Closed shreyasp-07 closed 1 month ago
@shreyasp-07 The DeepSpeed config doesn't natively support a tensor_paralllel
configuration. For multi-gpu inference with DeepSpeed, take a look at FastGen
@jomayeri Can we do Multi-Node using Fastgen? Also After running the script It is not actually splitting the model across GPUs.
Code
import mii
pipe = mii.pipeline("meta-llama/Meta-Llama-3.1-8B-Instruct")
response = pipe(["What is the weather today?"])
print(response)
Command:
deepspeed --num_gpus 4 script.py
Expected : 0 : 6GB , 1 : 8GB , 2 : 8GB , 3 : 8GB Observation : 0 : 23GB , 1 : 23GB , 2 : 23GB , 3 : 23GB
What am I missing?
Why are those your expected numbers? Are you constraining KV-cache size in some way?

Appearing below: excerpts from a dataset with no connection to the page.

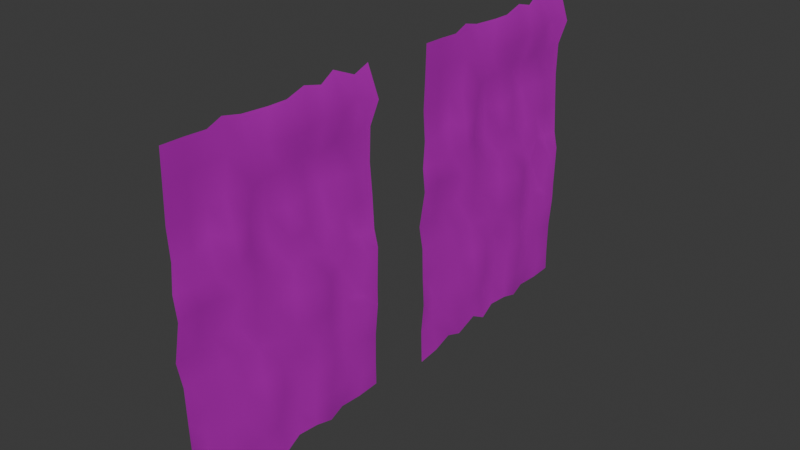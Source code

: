 # Source: List.blend  (saved by Blender 4.3.34; exported with 4.5.12 LTS)
import bpy
from mathutils import Matrix  # noqa: F401  (used for matrix-valued properties, if any)

bpy.ops.wm.read_factory_settings(use_empty=True)
scene = bpy.context.scene
scene.name = 'Scene'

# ---- images (referenced by path relative to the original .blend; pixels are not part of the script)
import os
ASSET_DIR = os.environ.get("B2B_ASSET_DIR", "")  # directory of the original .blend (textures are referenced by path, not embedded)
HERE = os.path.dirname(os.path.abspath(__file__))  # packed textures are extracted next to this script under _unpacked/

def load_image(name, relpath, width, height, colorspace="sRGB"):
    """Load a texture the original file referenced (path relative to the .blend, or extracted next to this script)."""
    p = next((c for c in (os.path.join(HERE, relpath), os.path.join(ASSET_DIR, relpath)) if relpath and os.path.exists(c)), "")
    if p:
        img = bpy.data.images.load(p, check_existing=True)
        img.name = name
    else:  # same state as the original file: an image datablock whose file is absent (Cycles renders it pink)
        img = bpy.data.images.new(name, width, height)
        img.source = "FILE"
        img.filepath = "//" + (relpath or name)
    img.colorspace_settings.name = colorspace
    return img
img_monster_1_png = load_image('Monster 1.png', 'Monster 1.png', 1024, 1024, 'sRGB')
img_monster_none_png = load_image('Monster none.png', 'Monster none.png', 1024, 1024, 'sRGB')

# ---- materials (node trees are filled in below, after node groups)
mat_monster_1 = bpy.data.materials.new('Monster 1')
mat_monster_none = bpy.data.materials.new('Monster none')

# ---- material node trees
mat_monster_1.use_nodes = True; mat_monster_1.node_tree.nodes.clear()
_N = mat_monster_1.node_tree.nodes; _L = mat_monster_1.node_tree.links
n0 = _N.new('ShaderNodeBsdfPrincipled'); n0.name = 'Principled BSDF'; n0.location = (10, 300)
n0.inputs[1].default_value = 0.5
n0.inputs[2].default_value = 0.35
n1 = _N.new('ShaderNodeOutputMaterial'); n1.name = 'Material Output'; n1.location = (300, 300)
n2 = _N.new('ShaderNodeTexImage'); n2.name = 'Image Texture'; n2.location = (-331, 177)
n2.image = img_monster_1_png
_L.new(n0.outputs[0], n1.inputs[0])
_L.new(n2.outputs[0], n0.inputs[0])
n1.is_active_output = True
mat_monster_none.use_nodes = True; mat_monster_none.node_tree.nodes.clear()
_N = mat_monster_none.node_tree.nodes; _L = mat_monster_none.node_tree.links
n0 = _N.new('ShaderNodeBsdfPrincipled'); n0.name = 'Principled BSDF'; n0.location = (10, 300)
n0.inputs[1].default_value = 0.5
n0.inputs[2].default_value = 0.35
n1 = _N.new('ShaderNodeOutputMaterial'); n1.name = 'Material Output'; n1.location = (300, 300)
n2 = _N.new('ShaderNodeTexImage'); n2.name = 'Image Texture'; n2.location = (-331, 177)
n2.image = img_monster_none_png
_L.new(n0.outputs[0], n1.inputs[0])
_L.new(n2.outputs[0], n0.inputs[0])
n1.is_active_output = True

# ---- world
world_world = bpy.data.worlds.new('World'); scene.world = world_world
world_world.use_nodes = True; world_world.node_tree.nodes.clear()
_N = world_world.node_tree.nodes; _L = world_world.node_tree.links
n0 = _N.new('ShaderNodeOutputWorld'); n0.name = 'World Output'; n0.location = (300, 300)
n1 = _N.new('ShaderNodeBackground'); n1.name = 'Background'; n1.location = (10, 300)
n1.inputs[0].default_value = (0.05088, 0.05088, 0.05088, 1.0)
_L.new(n1.outputs[0], n0.inputs[0])
n0.is_active_output = True
world_world.color = (0.05088, 0.05088, 0.05088)
world_world.sun_shadow_jitter_overblur = 0.0

# ---- meshes
me_plane = bpy.data.meshes.new('Plane')
me_plane.from_pydata([(-1.003, -1.003, 0.02676), (1.035, -1.003, 0.0123), (-1.003, 0.9853, -0.02878), (0.9716, 1.005, 0.00101), (-0.971, 0.8175, -0.01147), (-1.027, 0.6255, -0.04286), (-0.9819, 0.4757, -0.01943), (-1.018, 0.2858, 0.0008055), (-0.9797, 0.1204, -0.004838), (-0.9864, -0.06736, 0.008857), (-0.985, -0.2767, -0.03071), (-1.024, -0.477, 0.008984), (-0.9882, -0.6066, 0.007964), (-0.9973, -0.7987, 0.01627), (-0.8271, -1.003, 0.01806), (-0.6112, -1.001, 0.002259), (-0.4321, -0.9958, 0.01443), (-0.2724, -1.014, 0.01326), (-0.1204, -0.9973, 0.02104), (0.0975, -1.034, -0.002664), (0.2525, -0.9935, -0.0005262), (0.4489, -0.9897, 0.002959), (0.6265, -0.9959, 0.02237), (0.8039, -1.027, 0.02324), (1.007, -0.8126, 0.02661), (0.9778, -0.607, 0.004635), (1.032, -0.4189, -0.0145), (0.9521, -0.244, 0.01809), (1.021, -0.07035, 0.006758), (0.9767, 0.09289, -0.01598), (0.964, 0.2551, 0.02204), (1.014, 0.4496, -0.00347), (0.9884, 0.6061, -0.02775), (0.9785, 0.7944, 0.000593), (0.8307, 1.009, -0.00561), (0.6316, 1.009, -0.002456), (0.4378, 1.024, 0.01153), (0.3119, 1.015, 0.01784), (0.05932, 1.016, 0.02641), (-0.05309, 1.005, -0.001671), (-0.2529, 1.005, -0.01769), (-0.4558, 0.9751, -0.01354), (-0.6543, 0.9878, -0.01488), (-0.8033, 1.032, 0.03573), (-0.8204, -0.8002, 0.017), (-0.8337, -0.6188, 0.006038), (-0.8316, -0.4664, 0.01865), (-0.7938, -0.2562, 0.01886), (-0.8165, -0.1022, 0.02117), (-0.7911, 0.07683, 0.05098), (-0.7939, 0.2794, 0.03431), (-0.8238, 0.4391, 0.04505), (-0.8131, 0.6558, 0.04451), (-0.8429, 0.8192, -0.001943), (-0.5882, -0.803, -0.01257), (-0.6151, -0.6392, -0.02146), (-0.6361, -0.4772, -0.01001), (-0.6217, -0.2423, 0.01125), (-0.6292, -0.08697, -0.01932), (-0.6353, 0.0608, -0.02308), (-0.6416, 0.2796, -0.04753), (-0.6292, 0.4156, -0.02125), (-0.6593, 0.6187, -0.02566), (-0.6371, 0.801, -0.01874), (-0.4115, -0.7955, -0.0018), (-0.4622, -0.6412, -0.01306), (-0.4241, -0.4674, 0.0269), (-0.4541, -0.3042, 0.01688), (-0.4536, -0.1167, -0.02598), (-0.4258, 0.05514, 0.02057), (-0.4632, 0.262, -0.003286), (-0.4506, 0.4314, -0.03713), (-0.4623, 0.6148, -0.0001746), (-0.4308, 0.8181, -0.02575), (-0.2654, -0.8484, 0.03488), (-0.2636, -0.6289, 0.006907), (-0.2679, -0.446, 0.04244), (-0.3007, -0.2964, -0.004763), (-0.2892, -0.1144, -0.01996), (-0.2539, 0.07244, 0.02699), (-0.2327, 0.2933, -0.01393), (-0.2364, 0.4701, 0.00692), (-0.2595, 0.6375, 0.007032), (-0.2445, 0.8299, -0.008085), (-0.1421, -0.8131, 0.02821), (-0.1209, -0.64, -0.001436), (-0.09522, -0.4311, 0.003498), (-0.07624, -0.2684, 0.01957), (-0.07968, -0.09809, 0.001387), (-0.07637, 0.1087, -0.004692), (-0.1182, 0.2496, -0.006493), (-0.05955, 0.4343, 0.005514), (-0.08742, 0.6528, 0.02517), (-0.04861, 0.8173, -0.01355), (0.09697, -0.8263, -0.02033), (0.07902, -0.6802, -0.01712), (0.0574, -0.5063, -0.001145), (0.1275, -0.3208, 0.02354), (0.0856, -0.1142, -0.0101), (0.0738, 0.09809, 0.02005), (0.0903, 0.2996, 0.05587), (0.09289, 0.48, 0.01736), (0.05829, 0.6241, -0.009935), (0.06442, 0.8341, 0.07422), (0.2442, -0.7865, -0.00869), (0.2454, -0.6185, -0.0141), (0.2676, -0.4646, -0.001955), (0.2759, -0.2726, -0.02786), (0.2857, -0.07721, 0.02856), (0.278, 0.09622, 0.01147), (0.3032, 0.2785, 0.01166), (0.2827, 0.477, 0.00849), (0.2883, 0.6285, 0.006542), (0.3354, 0.8357, -0.0144), (0.4305, -0.7911, 0.009461), (0.4369, -0.6015, -0.009577), (0.4771, -0.4352, -0.0007443), (0.4818, -0.2585, 0.004533), (0.4804, -0.06433, 0.01282), (0.4488, 0.08016, -0.01469), (0.4423, 0.2863, 0.03647), (0.4804, 0.4971, -0.0133), (0.4188, 0.6366, 0.00409), (0.4199, 0.8478, 0.05145), (0.6169, -0.8242, -0.02016), (0.6295, -0.6207, 0.0273), (0.6594, -0.4415, -0.01213), (0.6431, -0.256, 0.02832), (0.6316, -0.07219, 0.01733), (0.6019, 0.09959, -0.004228), (0.6478, 0.2823, 0.01091), (0.6043, 0.4977, 0.01507), (0.636, 0.6386, -0.01666), (0.6175, 0.813, -0.009458), (0.7806, -0.8645, 0.007344), (0.8194, -0.648, 0.02273), (0.8152, -0.4646, 0.02185), (0.8206, -0.3, 0.002782), (0.8223, -0.116, -0.01041), (0.8178, 0.07403, -0.003698), (0.8582, 0.25, 0.01441), (0.8237, 0.4322, 0.02803), (0.8068, 0.6553, 0.002319), (0.8368, 0.8157, 0.02312)], [], [(143, 33, 3, 34), (4, 53, 43, 2), (53, 63, 42, 43), (63, 73, 41, 42), (73, 83, 40, 41), (83, 93, 39, 40), (93, 103, 38, 39), (103, 113, 37, 38), (113, 123, 36, 37), (123, 133, 35, 36), (133, 143, 34, 35), (0, 14, 44, 13), (13, 44, 45, 12), (12, 45, 46, 11), (11, 46, 47, 10), (10, 47, 48, 9), (9, 48, 49, 8), (8, 49, 50, 7), (7, 50, 51, 6), (6, 51, 52, 5), (5, 52, 53, 4), (14, 15, 54, 44), (44, 54, 55, 45), (45, 55, 56, 46), (46, 56, 57, 47), (47, 57, 58, 48), (48, 58, 59, 49), (49, 59, 60, 50), (50, 60, 61, 51), (51, 61, 62, 52), (52, 62, 63, 53), (15, 16, 64, 54), (54, 64, 65, 55), (55, 65, 66, 56), (56, 66, 67, 57), (57, 67, 68, 58), (58, 68, 69, 59), (59, 69, 70, 60), (60, 70, 71, 61), (61, 71, 72, 62), (62, 72, 73, 63), (16, 17, 74, 64), (64, 74, 75, 65), (65, 75, 76, 66), (66, 76, 77, 67), (67, 77, 78, 68), (68, 78, 79, 69), (69, 79, 80, 70), (70, 80, 81, 71), (71, 81, 82, 72), (72, 82, 83, 73), (17, 18, 84, 74), (74, 84, 85, 75), (75, 85, 86, 76), (76, 86, 87, 77), (77, 87, 88, 78), (78, 88, 89, 79), (79, 89, 90, 80), (80, 90, 91, 81), (81, 91, 92, 82), (82, 92, 93, 83), (18, 19, 94, 84), (84, 94, 95, 85), (85, 95, 96, 86), (86, 96, 97, 87), (87, 97, 98, 88), (88, 98, 99, 89), (89, 99, 100, 90), (90, 100, 101, 91), (91, 101, 102, 92), (92, 102, 103, 93), (19, 20, 104, 94), (94, 104, 105, 95), (95, 105, 106, 96), (96, 106, 107, 97), (97, 107, 108, 98), (98, 108, 109, 99), (99, 109, 110, 100), (100, 110, 111, 101), (101, 111, 112, 102), (102, 112, 113, 103), (20, 21, 114, 104), (104, 114, 115, 105), (105, 115, 116, 106), (106, 116, 117, 107), (107, 117, 118, 108), (108, 118, 119, 109), (109, 119, 120, 110), (110, 120, 121, 111), (111, 121, 122, 112), (112, 122, 123, 113), (21, 22, 124, 114), (114, 124, 125, 115), (115, 125, 126, 116), (116, 126, 127, 117), (117, 127, 128, 118), (118, 128, 129, 119), (119, 129, 130, 120), (120, 130, 131, 121), (121, 131, 132, 122), (122, 132, 133, 123), (22, 23, 134, 124), (124, 134, 135, 125), (125, 135, 136, 126), (126, 136, 137, 127), (127, 137, 138, 128), (128, 138, 139, 129), (129, 139, 140, 130), (130, 140, 141, 131), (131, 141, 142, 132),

Here is an example of my run:
import mii
pipe = mii.pipeline("meta-llama/Meta-Llama-3-70B")
response = pipe(["What is the weather today?"], max_new_tokens=128)
print(response)
deepspeed --num_gpus 2 mii_inferenece.py
When the model is built and split across GPUs the nvidia-smi
looks like this
The model is 70B * 2 bytes for each parameter equals 140 GB of model size split across 2 GPU is ~70GB per GPU.
Once the model begins generating a response more memory will be used by the generation artifacts (KV-cache).
I have 6 GPUs on server-1 each of 24 GB and 4 GPUs on server-2 each 24 GB. How can I load llama 3.1 70B on my both server?
If you have the multi-node environment setup you can use the deepspeed launcher in the same way.
I have two servers configured as follows: Server-1 with 6 GPUs and Server-2 with 4 GPUs, each GPU having 24GB of VRAM. I'm attempting to load the LLaMA-3.1-70B model across both servers using DeepSpeed in conjunction with the Transformers pipeline. However, the model is not loading as expected; instead of distributing the model across the GPUs, it is consuming the full memory on all 10 GPUs across both servers.
Below is the code I am using for inference, but I'm uncertain if the configuration is correct or if this is the proper approach for inference.
Could someone assist with resolving memory issues and configuring inference across multiple nodes with multiple GPUs?